What to produce
Provide the data again in its entirety, exactly as given.
++++++++
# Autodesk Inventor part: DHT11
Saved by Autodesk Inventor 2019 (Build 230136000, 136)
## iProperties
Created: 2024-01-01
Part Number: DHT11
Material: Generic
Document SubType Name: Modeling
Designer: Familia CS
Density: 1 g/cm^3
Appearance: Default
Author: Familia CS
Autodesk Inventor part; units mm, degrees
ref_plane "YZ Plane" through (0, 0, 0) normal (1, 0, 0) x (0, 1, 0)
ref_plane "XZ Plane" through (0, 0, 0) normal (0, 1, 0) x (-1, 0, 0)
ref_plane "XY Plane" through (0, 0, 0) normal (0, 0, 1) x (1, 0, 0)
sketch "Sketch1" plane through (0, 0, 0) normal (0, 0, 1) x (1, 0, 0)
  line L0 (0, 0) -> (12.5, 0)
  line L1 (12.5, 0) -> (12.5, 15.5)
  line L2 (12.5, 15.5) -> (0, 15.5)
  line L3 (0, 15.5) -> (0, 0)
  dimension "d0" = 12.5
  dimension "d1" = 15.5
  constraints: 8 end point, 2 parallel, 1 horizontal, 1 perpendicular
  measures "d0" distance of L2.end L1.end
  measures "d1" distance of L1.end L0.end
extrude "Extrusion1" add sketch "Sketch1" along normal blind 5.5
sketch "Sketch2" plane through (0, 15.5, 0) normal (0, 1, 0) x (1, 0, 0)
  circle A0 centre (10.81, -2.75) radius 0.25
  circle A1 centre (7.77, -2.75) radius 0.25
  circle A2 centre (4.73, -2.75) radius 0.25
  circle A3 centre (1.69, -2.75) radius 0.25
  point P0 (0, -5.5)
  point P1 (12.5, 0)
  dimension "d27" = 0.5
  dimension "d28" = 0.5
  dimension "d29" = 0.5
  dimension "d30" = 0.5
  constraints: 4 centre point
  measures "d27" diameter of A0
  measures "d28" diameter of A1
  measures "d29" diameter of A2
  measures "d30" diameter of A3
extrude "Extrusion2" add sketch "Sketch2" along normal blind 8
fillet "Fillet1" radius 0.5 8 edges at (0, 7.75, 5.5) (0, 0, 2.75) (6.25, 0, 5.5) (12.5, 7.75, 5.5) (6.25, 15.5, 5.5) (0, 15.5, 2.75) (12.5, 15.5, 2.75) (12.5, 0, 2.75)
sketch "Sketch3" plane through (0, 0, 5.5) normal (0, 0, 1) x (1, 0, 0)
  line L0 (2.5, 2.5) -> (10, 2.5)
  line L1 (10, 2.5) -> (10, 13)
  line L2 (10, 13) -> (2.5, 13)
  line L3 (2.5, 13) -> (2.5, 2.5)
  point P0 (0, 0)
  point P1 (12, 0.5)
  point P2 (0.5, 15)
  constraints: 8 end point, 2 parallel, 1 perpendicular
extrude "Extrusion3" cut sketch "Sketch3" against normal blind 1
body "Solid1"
++++++++
Result for this task
# Autodesk Inventor part: DHT11
Saved by Autodesk Inventor 2019 (Build 230136000, 136)
## iProperties
Created: 2024-01-01
Part Number: DHT11
Material: Generic
Document SubType Name: Modeling
Designer: Familia CS
Density: 1 g/cm^3
Appearance: Default
Author: Familia CS
Autodesk Inventor part; units mm, degrees
ref_plane "YZ Plane" through (0, 0, 0) normal (1, 0, 0) x (0, 1, 0)
ref_plane "XZ Plane" through (0, 0, 0) normal (0, 1, 0) x (-1, 0, 0)
ref_plane "XY Plane" through (0, 0, 0) normal (0, 0, 1) x (1, 0, 0)
sketch "Sketch1" plane through (0, 0, 0) normal (0, 0, 1) x (1, 0, 0)
  line L0 (0, 0) -> (12.5, 0)
  line L1 (12.5, 0) -> (12.5, 15.5)
  line L2 (12.5, 15.5) -> (0, 15.5)
  line L3 (0, 15.5) -> (0, 0)
  dimension "d0" = 12.5
  dimension "d1" = 15.5
  constraints: 8 end point, 2 parallel, 1 horizontal, 1 perpendicular
  measures "d0" distance of L2.end L1.end
  measures "d1" distance of L1.end L0.end
extrude "Extrusion1" add sketch "Sketch1" along normal blind 5.5
sketch "Sketch2" plane through (0, 15.5, 0) normal (0, 1, 0) x (1, 0, 0)
  circle A0 centre (10.81, -2.75) radius 0.25
  circle A1 centre (7.77, -2.75) radius 0.25
  circle A2 centre (4.73, -2.75) radius 0.25
  circle A3 centre (1.69, -2.75) radius 0.25
  point P0 (0, -5.5)
  point P1 (12.5, 0)
  dimension "d27" = 0.5
  dimension "d28" = 0.5
  dimension "d29" = 0.5
  dimension "d30" = 0.5
  constraints: 4 centre point
  measures "d27" diameter of A0
  measures "d28" diameter of A1
  measures "d29" diameter of A2
  measures "d30" diameter of A3
extrude "Extrusion2" add sketch "Sketch2" along normal blind 8
fillet "Fillet1" radius 0.5 8 edges at (0, 7.75, 5.5) (0, 0, 2.75) (6.25, 0, 5.5) (12.5, 7.75, 5.5) (6.25, 15.5, 5.5) (0, 15.5, 2.75) (12.5, 15.5, 2.75) (12.5, 0, 2.75)
sketch "Sketch3" plane through (0, 0, 5.5) normal (0, 0, 1) x (1, 0, 0)
  line L0 (2.5, 2.5) -> (10, 2.5)
  line L1 (10, 2.5) -> (10, 13)
  line L2 (10, 13) -> (2.5, 13)
  line L3 (2.5, 13) -> (2.5, 2.5)
  point P0 (0, 0)
  point P1 (12, 0.5)
  point P2 (0.5, 15)
  constraints: 8 end point, 2 parallel, 1 perpendicular
extrude "Extrusion3" cut sketch "Sketch3" against normal blind 1
body "Solid1"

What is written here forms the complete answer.